La permanente rivalidad entre Francia y Alemania ha encontrado ahora un nuevo campo de batalla. La Bolsa de París superó ayer por primera vez en su historia el listón de los 5.000 puntos y acumula una ganancia del 28,13% en el conjunto del ejercicio, lo que la sitúa en el primer lugar de la zona euro, por delante del potente mercado de Francfort, con 1,18 billones de euros. Londres sigue siendo el primer mercado financiero de Europa. La excepcional evolución de la cultura empresarial francesa en los últimos años, según los expertos, explica este éxito.

Francia, tradicionalmente partidaria de la intervención estatal en la economía, y donde el Estado ha mantenido una fuerte presencia en las grandes empresas, ha dado un importante giro en los últimos años. Ha mejorado y profesionalizado la gestión empresarial y ha alejado (hasta cierto punto) a los políticos de los consejos de administración, destacan los expertos. El resultado ha sido la cosecha inmediata de éxitos comerciales y, al final, la enorme revalorización de los títulos de las empresas en la Bolsa.
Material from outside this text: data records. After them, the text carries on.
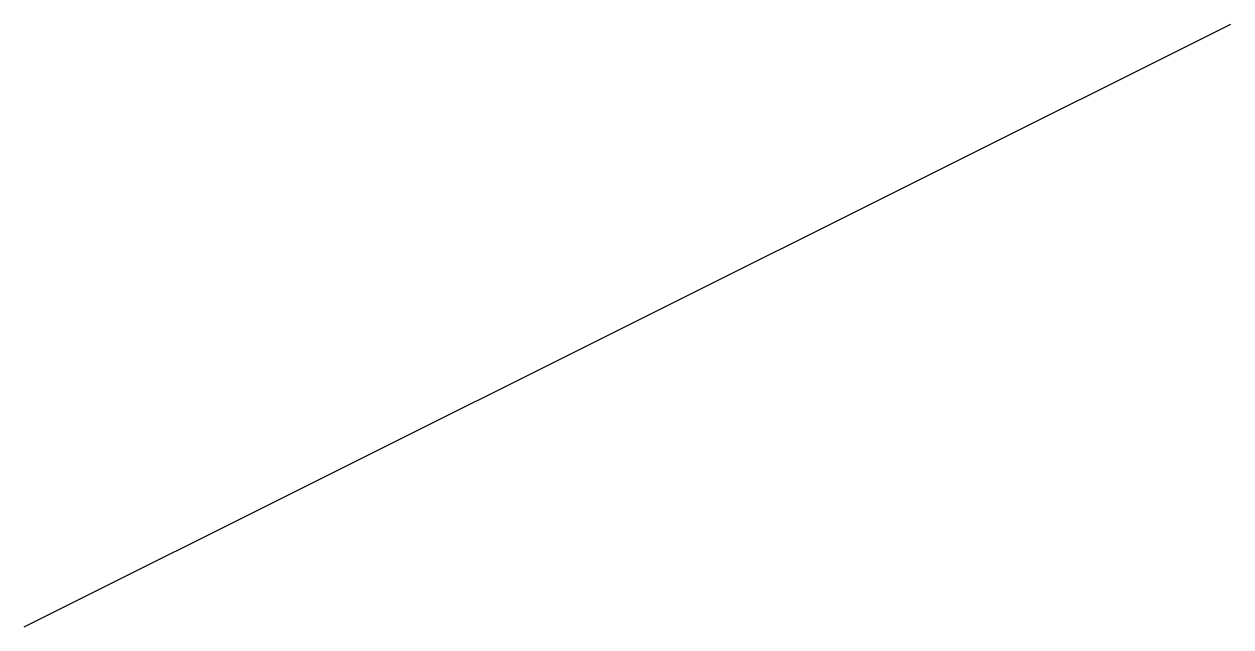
# Model space of a CAD drawing. Header units: millimetres. Extents: x 0 to 4, y 0 to 2.
import ezdxf

# ---------------------------------------------------------------- set-up
doc = ezdxf.new("R2010")
doc.units = ezdxf.units.MM

msp = doc.modelspace()

# ---------------------------------------------------------------- linework, layer by layer
msp.add_polyline3d([(0, 0, 0), (2, 1, 3), (4, 2, 0)])

doc.saveas('drawing.dxf')

Otros factores son la buena marcha en general de la economía francesa y la ausencia de tensiones inflacionistas (en octubre el IPC subió el 0,1% y es del 0,8% para los últimos 12 meses). El éxito de la Bolsa francesa al superar a la de Francfort, tradicionalmente la primera del continente europeo (sin contar Londres) tiene otra lectura. A Alemania siempre se le había considerado un gigante económico y un enano político (por lo menos hasta la reunificación en 1990), mientras Francia se reservaba un mayor papel político en el tablero europeo. Ahora París comienza también a mostrar su poderío económico.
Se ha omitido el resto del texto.